In the first salon I held in the Center for Individualized Medicine, I brought up the topic of uncertainty (both in the return of results from genetic testing as well as in the process of informed consent). This proved so interesting to the attendees – and resonated so clearly with their personal concerns as professionals – that this more or less dominated both days of discussion with that group. Moreover, when I addressed this topic with the patient educators (toward the end of my time with them), this spurred particular enthusiasm and led to a number of discussions after the official sessions had closed.

With the patient educators, we primarily discussed insights into their work, insights that I derived from Mikhail Bakhtin’s notion of “double voicing” and Althusser’s concept of “interpellation.” I provided numerous real-life examples of these theories in action from my own time as an intern with them. They are very used to this sort of presentation, as it is more or less the same genre that their weekly Writers’ Meetings use: Attendees present a number examples of difficulties from their own work ‘simplifying’ “doctor talk” into “real English.” I took this format but also provided these theoretical frameworks in order to demonstrate some unifying issues underlying their professional practice.

These salons truly proved to be collaborative engagements between myself and the professionals at the hospital – many of whom I had worked with during my fieldwork, but some of whom I had not met before. They provoked critical thought and feedback, and both the attendees and I felt that we left the salons better informed and better positioned to make positive interventions into clinical care. While discussing the three primary forms of “non-knowledge” that I hypothesize are at play in medical genetics (risk, uncertainty, and randomness – which I furthermore proposed are conflated by patients), I got remarkably discerning feedback. While everyone agreed that the distinctions I was making were valid and of clinical significance, one laboratory scientist said that within my framework she saw uncertainty as a subset of risk rather than a stand-alone category. This sparked a long debate about whether uncertainty (as I described it, “knowledge about the limits of one’s knowledge”) was medically actionable and therefore could constitute “real risk.” Likewise, a clinician encouraged a reflective (and anthropological!) discussion when he asked the room for a “definition of knowledge” before anyone continue our current discussion on uncertainty.

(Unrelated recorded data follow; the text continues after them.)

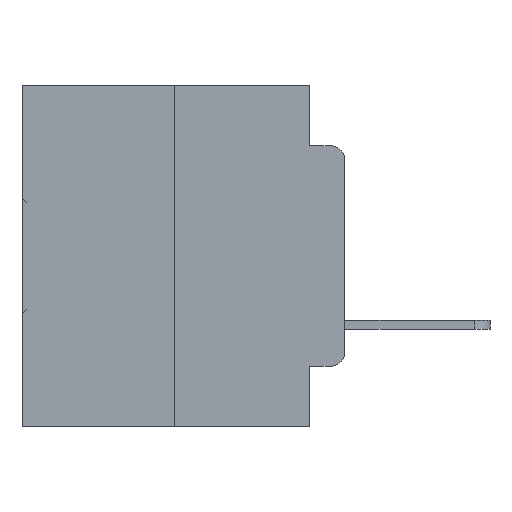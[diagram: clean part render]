
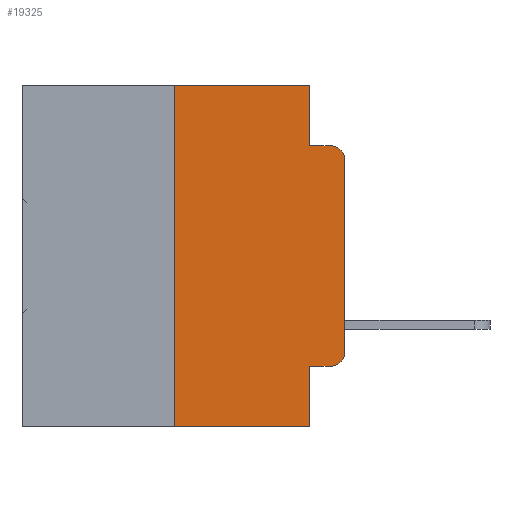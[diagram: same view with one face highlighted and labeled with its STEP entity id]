
A CAD part, left-side view. The second image highlights one B-rep face of the part: STEP entity #19325.
In plain terms, the highlighted planar face has unit normal (-1, 0, 0).
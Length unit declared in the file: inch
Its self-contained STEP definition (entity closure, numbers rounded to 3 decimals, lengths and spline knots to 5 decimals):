
#1098 = LINE ( 'NONE', #32214, #15595 ) ;
#1414 = CARTESIAN_POINT ( 'NONE',  ( 0., 0.051, 0. ) ) ;
#2835 = VERTEX_POINT ( 'NONE', #18986 ) ;
#3387 = EDGE_CURVE ( 'NONE', #29445, #20835, #7034, .T. ) ;
#3745 = LINE ( 'NONE', #24381, #23104 ) ;
#3842 = CIRCLE ( 'NONE', #17001, 0.02 ) ;
#4317 = DIRECTION ( 'NONE',  ( 1., 0., 0. ) ) ;
#4743 = FACE_OUTER_BOUND ( 'NONE', #12042, .T. ) ;
#5118 = EDGE_CURVE ( 'NONE', #18647, #25492, #7617, .T. ) ;
#5276 = CARTESIAN_POINT ( 'NONE',  ( 0., 0.051, -0.0885 ) ) ;
#5391 = DIRECTION ( 'NONE',  ( 0., -1., 0. ) ) ;
#6051 = DIRECTION ( 'NONE',  ( 0., 0., 1. ) ) ;
#6535 = VERTEX_POINT ( 'NONE', #18913 ) ;
#6717 = DIRECTION ( 'NONE',  ( 0., 0., -1. ) ) ;
#6828 = DIRECTION ( 'NONE',  ( 0., -1., 0. ) ) ;
#7034 = LINE ( 'NONE', #12539, #24663 ) ;
#7072 = ORIENTED_EDGE ( 'NONE', *, *, #15353, .T. ) ;
#7428 = DIRECTION ( 'NONE',  ( -1., 0., 0. ) ) ;
#7447 = DIRECTION ( 'NONE',  ( 0., -1., 0. ) ) ;
#7617 = LINE ( 'NONE', #21130, #26724 ) ;
#8314 = ORIENTED_EDGE ( 'NONE', *, *, #5118, .F. ) ;
#8779 = CARTESIAN_POINT ( 'NONE',  ( 0., 0.473, 0. ) ) ;
#9677 = CARTESIAN_POINT ( 'NONE',  ( 0., 0.051, -0.0885 ) ) ;
#10235 = EDGE_CURVE ( 'NONE', #6535, #29362, #11218, .T. ) ;
#10542 = DIRECTION ( 'NONE',  ( -1., 0., 0. ) ) ;
#11218 = LINE ( 'NONE', #1414, #30212 ) ;
#11263 = DIRECTION ( 'NONE',  ( 0., -1., 0. ) ) ;
#11855 = CARTESIAN_POINT ( 'NONE',  ( 0., 0.473, 0. ) ) ;
#12040 = LINE ( 'NONE', #8779, #30990 ) ;
#12042 = EDGE_LOOP ( 'NONE', ( #26202, #7072, #12994, #28499, #20884, #8314, #28128, #23220, #31157, #13023 ) ) ;
#12539 = CARTESIAN_POINT ( 'NONE',  ( 0., 0.051, 0. ) ) ;
#12994 = ORIENTED_EDGE ( 'NONE', *, *, #13629, .F. ) ;
#13023 = ORIENTED_EDGE ( 'NONE', *, *, #22652, .T. ) ;
#13339 = LINE ( 'NONE', #32291, #31457 ) ;
#13629 = EDGE_CURVE ( 'NONE', #29362, #20910, #17075, .T. ) ;
#14449 = VERTEX_POINT ( 'NONE', #26037 ) ;
#15152 = DIRECTION ( 'NONE',  ( 0., 0., 1. ) ) ;
#15353 = EDGE_CURVE ( 'NONE', #21632, #20910, #3842, .T. ) ;
#15595 = VECTOR ( 'NONE', #7447, 39.37008 ) ;
#16492 = CARTESIAN_POINT ( 'NONE',  ( 0., 0.25, -0.5 ) ) ;
#16742 = CARTESIAN_POINT ( 'NONE',  ( 0., 0.25, 0. ) ) ;
#17001 = AXIS2_PLACEMENT_3D ( 'NONE', #22470, #7428, #24940 ) ;
#17018 = PLANE ( 'NONE',  #18159 ) ;
#17075 = LINE ( 'NONE', #5276, #29322 ) ;
#18159 = AXIS2_PLACEMENT_3D ( 'NONE', #11855, #4317, #21986 ) ;
#18647 = VERTEX_POINT ( 'NONE', #16492 ) ;
#18913 = CARTESIAN_POINT ( 'NONE',  ( 0., 0.051, 0. ) ) ;
#18986 = CARTESIAN_POINT ( 'NONE',  ( 0., 0., -0.3915 ) ) ;
#19325 = ADVANCED_FACE ( 'NONE', ( #4743 ), #17018, .F. ) ;
#20765 = CARTESIAN_POINT ( 'NONE',  ( 0., 0.02, -0.0885 ) ) ;
#20835 = VERTEX_POINT ( 'NONE', #30125 ) ;
#20884 = ORIENTED_EDGE ( 'NONE', *, *, #29788, .F. ) ;
#20910 = VERTEX_POINT ( 'NONE', #20765 ) ;
#21130 = CARTESIAN_POINT ( 'NONE',  ( 0., 0.25, 0. ) ) ;
#21632 = VERTEX_POINT ( 'NONE', #28004 ) ;
#21986 = DIRECTION ( 'NONE',  ( 0., 0., -1. ) ) ;
#22470 = CARTESIAN_POINT ( 'NONE',  ( 0., 0.02, -0.1085 ) ) ;
#22550 = DIRECTION ( 'NONE',  ( 0., 0., -1. ) ) ;
#22652 = EDGE_CURVE ( 'NONE', #14449, #2835, #28021, .T. ) ;
#23104 = VECTOR ( 'NONE', #6828, 39.37008 ) ;
#23220 = ORIENTED_EDGE ( 'NONE', *, *, #3387, .F. ) ;
#23708 = EDGE_CURVE ( 'NONE', #2835, #21632, #13339, .T. ) ;
#24381 = CARTESIAN_POINT ( 'NONE',  ( 0., 0.473, -0.5 ) ) ;
#24663 = VECTOR ( 'NONE', #22550, 39.37008 ) ;
#24940 = DIRECTION ( 'NONE',  ( 0., 0., -1. ) ) ;
#25492 = VERTEX_POINT ( 'NONE', #16742 ) ;
#25507 = CARTESIAN_POINT ( 'NONE',  ( 0., 0.02, -0.3915 ) ) ;
#26037 = CARTESIAN_POINT ( 'NONE',  ( 0., 0.02, -0.4115 ) ) ;
#26202 = ORIENTED_EDGE ( 'NONE', *, *, #23708, .T. ) ;
#26724 = VECTOR ( 'NONE', #6051, 39.37008 ) ;
#27407 = CARTESIAN_POINT ( 'NONE',  ( 0., 0.051, -0.4115 ) ) ;
#27913 = DIRECTION ( 'NONE',  ( 0., 0., -1. ) ) ;
#28004 = CARTESIAN_POINT ( 'NONE',  ( 0., 0., -0.1085 ) ) ;
#28021 = CIRCLE ( 'NONE', #30288, 0.02 ) ;
#28128 = ORIENTED_EDGE ( 'NONE', *, *, #28960, .T. ) ;
#28499 = ORIENTED_EDGE ( 'NONE', *, *, #10235, .F. ) ;
#28960 = EDGE_CURVE ( 'NONE', #18647, #20835, #3745, .T. ) ;
#29322 = VECTOR ( 'NONE', #5391, 39.37008 ) ;
#29362 = VERTEX_POINT ( 'NONE', #9677 ) ;
#29445 = VERTEX_POINT ( 'NONE', #27407 ) ;
#29788 = EDGE_CURVE ( 'NONE', #25492, #6535, #12040, .T. ) ;
#30125 = CARTESIAN_POINT ( 'NONE',  ( 0., 0.051, -0.5 ) ) ;
#30212 = VECTOR ( 'NONE', #6717, 39.37008 ) ;
#30288 = AXIS2_PLACEMENT_3D ( 'NONE', #25507, #10542, #27913 ) ;
#30990 = VECTOR ( 'NONE', #11263, 39.37008 ) ;
#31157 = ORIENTED_EDGE ( 'NONE', *, *, #32369, .T. ) ;
#31457 = VECTOR ( 'NONE', #15152, 39.37008 ) ;
#32214 = CARTESIAN_POINT ( 'NONE',  ( 0., 0.051, -0.4115 ) ) ;
#32291 = CARTESIAN_POINT ( 'NONE',  ( 0., 0., 0. ) ) ;
#32369 = EDGE_CURVE ( 'NONE', #29445, #14449, #1098, .T. ) ;
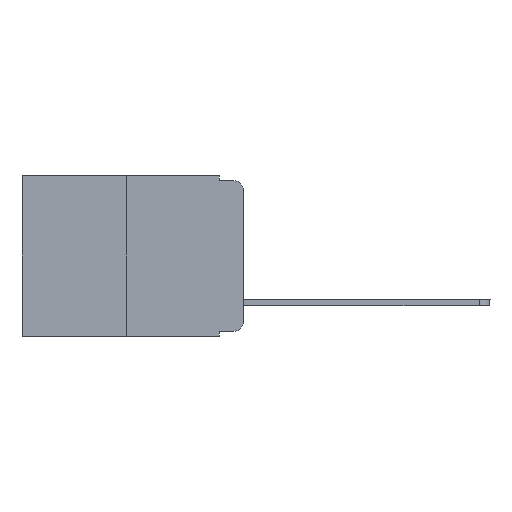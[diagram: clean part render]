
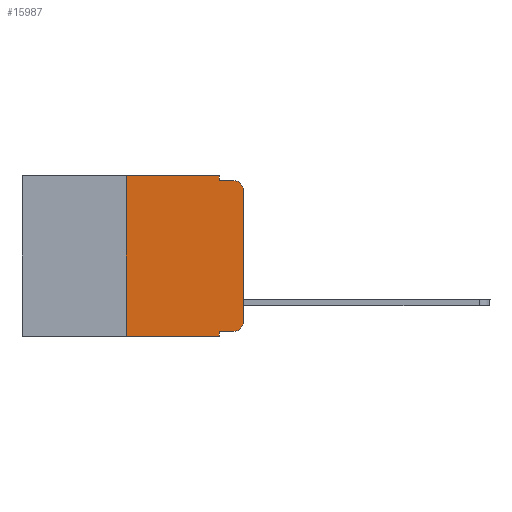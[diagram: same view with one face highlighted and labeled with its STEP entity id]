
A CAD part, left-side view. The second image highlights one B-rep face of the part: STEP entity #15987.
In plain terms, the highlighted planar face has unit normal (-1, 0, 0).
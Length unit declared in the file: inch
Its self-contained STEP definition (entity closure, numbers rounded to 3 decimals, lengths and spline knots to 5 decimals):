
#210 = DIRECTION ( 'NONE',  ( 0., -1., 0. ) ) ;
#329 = CARTESIAN_POINT ( 'NONE',  ( 0., 0.473, 0. ) ) ;
#709 = CARTESIAN_POINT ( 'NONE',  ( 0., 0.02, -0.313 ) ) ;
#853 = VECTOR ( 'NONE', #210, 39.37008 ) ;
#1753 = VECTOR ( 'NONE', #21927, 39.37008 ) ;
#1954 = LINE ( 'NONE', #21207, #10415 ) ;
#2063 = FACE_OUTER_BOUND ( 'NONE', #20187, .T. ) ;
#2198 = CARTESIAN_POINT ( 'NONE',  ( 0., 0.02, -0.333 ) ) ;
#2535 = DIRECTION ( 'NONE',  ( 0., 0., -1. ) ) ;
#2570 = EDGE_CURVE ( 'NONE', #20467, #22042, #10978, .T. ) ;
#3201 = LINE ( 'NONE', #12702, #6080 ) ;
#3761 = VERTEX_POINT ( 'NONE', #8826 ) ;
#4359 = VERTEX_POINT ( 'NONE', #17735 ) ;
#4386 = PLANE ( 'NONE',  #24922 ) ;
#4874 = VECTOR ( 'NONE', #15213, 39.37008 ) ;
#5884 = CARTESIAN_POINT ( 'NONE',  ( 0., 0.051, 0. ) ) ;
#6080 = VECTOR ( 'NONE', #15018, 39.37008 ) ;
#6265 = LINE ( 'NONE', #12045, #1753 ) ;
#6491 = VERTEX_POINT ( 'NONE', #23247 ) ;
#6881 = VERTEX_POINT ( 'NONE', #20449 ) ;
#7124 = DIRECTION ( 'NONE',  ( -1., 0., 0. ) ) ;
#7374 = CARTESIAN_POINT ( 'NONE',  ( 0., 0.02, -0.03 ) ) ;
#7985 = VECTOR ( 'NONE', #11923, 39.37008 ) ;
#8637 = CARTESIAN_POINT ( 'NONE',  ( 0., 0.02, -0.01 ) ) ;
#8826 = CARTESIAN_POINT ( 'NONE',  ( 0., 0., -0.313 ) ) ;
#10415 = VECTOR ( 'NONE', #19274, 39.37008 ) ;
#10464 = CARTESIAN_POINT ( 'NONE',  ( 0., 0.051, -0.333 ) ) ;
#10773 = EDGE_CURVE ( 'NONE', #21843, #25239, #6265, .T. ) ;
#10806 = EDGE_CURVE ( 'NONE', #16064, #3761, #19374, .T. ) ;
#10963 = DIRECTION ( 'NONE',  ( 0., 0., -1. ) ) ;
#10978 = LINE ( 'NONE', #24448, #4874 ) ;
#11488 = ORIENTED_EDGE ( 'NONE', *, *, #11516, .F. ) ;
#11516 = EDGE_CURVE ( 'NONE', #21843, #12875, #1954, .T. ) ;
#11923 = DIRECTION ( 'NONE',  ( 0., 0., -1. ) ) ;
#12045 = CARTESIAN_POINT ( 'NONE',  ( 0., 0.473, -0.343 ) ) ;
#12164 = LINE ( 'NONE', #329, #853 ) ;
#12191 = CARTESIAN_POINT ( 'NONE',  ( 0., 0.051, -0.01 ) ) ;
#12442 = CIRCLE ( 'NONE', #21455, 0.02 ) ;
#12467 = EDGE_CURVE ( 'NONE', #4359, #16064, #20076, .T. ) ;
#12635 = EDGE_CURVE ( 'NONE', #6491, #22042, #12442, .T. ) ;
#12702 = CARTESIAN_POINT ( 'NONE',  ( 0., 0., 0. ) ) ;
#12875 = VERTEX_POINT ( 'NONE', #23504 ) ;
#13278 = EDGE_CURVE ( 'NONE', #4359, #25239, #13457, .T. ) ;
#13457 = LINE ( 'NONE', #5884, #7985 ) ;
#13505 = CARTESIAN_POINT ( 'NONE',  ( 0., 0.051, 0. ) ) ;
#13774 = LINE ( 'NONE', #13505, #18795 ) ;
#14271 = DIRECTION ( 'NONE',  ( 0., 0., -1. ) ) ;
#14390 = CARTESIAN_POINT ( 'NONE',  ( 0., 0.473, 0. ) ) ;
#15018 = DIRECTION ( 'NONE',  ( 0., 0., 1. ) ) ;
#15213 = DIRECTION ( 'NONE',  ( 0., -1., 0. ) ) ;
#15978 = ORIENTED_EDGE ( 'NONE', *, *, #12635, .T. ) ;
#15987 = ADVANCED_FACE ( 'NONE', ( #2063 ), #4386, .F. ) ;
#16064 = VERTEX_POINT ( 'NONE', #2198 ) ;
#16991 = VECTOR ( 'NONE', #18391, 39.37008 ) ;
#17559 = EDGE_CURVE ( 'NONE', #3761, #6491, #3201, .T. ) ;
#17735 = CARTESIAN_POINT ( 'NONE',  ( 0., 0.051, -0.333 ) ) ;
#18206 = ORIENTED_EDGE ( 'NONE', *, *, #20865, .F. ) ;
#18391 = DIRECTION ( 'NONE',  ( 0., -1., 0. ) ) ;
#18593 = EDGE_CURVE ( 'NONE', #6881, #20467, #13774, .T. ) ;
#18795 = VECTOR ( 'NONE', #21321, 39.37008 ) ;
#19274 = DIRECTION ( 'NONE',  ( 0., 0., 1. ) ) ;
#19287 = CARTESIAN_POINT ( 'NONE',  ( 0., 0.25, -0.343 ) ) ;
#19374 = CIRCLE ( 'NONE', #21028, 0.02 ) ;
#19733 = ORIENTED_EDGE ( 'NONE', *, *, #10806, .T. ) ;
#19838 = ORIENTED_EDGE ( 'NONE', *, *, #18593, .F. ) ;
#20076 = LINE ( 'NONE', #10464, #16991 ) ;
#20187 = EDGE_LOOP ( 'NONE', ( #24485, #15978, #23629, #19838, #18206, #11488, #21618, #20950, #20825, #19733 ) ) ;
#20449 = CARTESIAN_POINT ( 'NONE',  ( 0., 0.051, 0. ) ) ;
#20467 = VERTEX_POINT ( 'NONE', #12191 ) ;
#20825 = ORIENTED_EDGE ( 'NONE', *, *, #12467, .T. ) ;
#20865 = EDGE_CURVE ( 'NONE', #12875, #6881, #12164, .T. ) ;
#20950 = ORIENTED_EDGE ( 'NONE', *, *, #13278, .F. ) ;
#21028 = AXIS2_PLACEMENT_3D ( 'NONE', #709, #22046, #2535 ) ;
#21047 = CARTESIAN_POINT ( 'NONE',  ( 0., 0.051, -0.343 ) ) ;
#21207 = CARTESIAN_POINT ( 'NONE',  ( 0., 0.25, 0. ) ) ;
#21321 = DIRECTION ( 'NONE',  ( 0., 0., -1. ) ) ;
#21455 = AXIS2_PLACEMENT_3D ( 'NONE', #7374, #7124, #10963 ) ;
#21618 = ORIENTED_EDGE ( 'NONE', *, *, #10773, .T. ) ;
#21843 = VERTEX_POINT ( 'NONE', #19287 ) ;
#21927 = DIRECTION ( 'NONE',  ( 0., -1., 0. ) ) ;
#22042 = VERTEX_POINT ( 'NONE', #8637 ) ;
#22046 = DIRECTION ( 'NONE',  ( -1., 0., 0. ) ) ;
#22209 = DIRECTION ( 'NONE',  ( 1., 0., 0. ) ) ;
#23247 = CARTESIAN_POINT ( 'NONE',  ( 0., 0., -0.03 ) ) ;
#23504 = CARTESIAN_POINT ( 'NONE',  ( 0., 0.25, 0. ) ) ;
#23629 = ORIENTED_EDGE ( 'NONE', *, *, #2570, .F. ) ;
#24448 = CARTESIAN_POINT ( 'NONE',  ( 0., 0.051, -0.01 ) ) ;
#24485 = ORIENTED_EDGE ( 'NONE', *, *, #17559, .T. ) ;
#24922 = AXIS2_PLACEMENT_3D ( 'NONE', #14390, #22209, #14271 ) ;
#25239 = VERTEX_POINT ( 'NONE', #21047 ) ;

Attendees of the salons engaged enthusiastically with my work, asked and answered questions that have arisen from it, and related these topics back to the ongoing local and global transformations currently taking place in their professional worlds. Both groups have requested that I return again to continue the conversations we started in our salons. I received a number of grateful and kind emails, describing how our discussions have led them to reflect on their practices, in particular appreciating the links I drew to ethics, which is a critical domain that typically remains outside of non-clinicians’ conceptions of their professional labors. One person even told me she thought one of the salons was “the best professional development presentation we have had in a while!”

This was a wonderful opportunity for me to re-engage with my old colleagues and friends and to see how the clinic has evolved since my last visit in 2015. These discussions have added to the ways I have been thinking about the clinic and its practices of ‘translation’ as well. In fact, the article I have begun on the three forms of “non-knowledge” in medical genetics will greatly benefit from some of my interlocutors’ recent insights. I very much appreciate Wenner Gren’s continued support of my work, as do the attendees of my salons.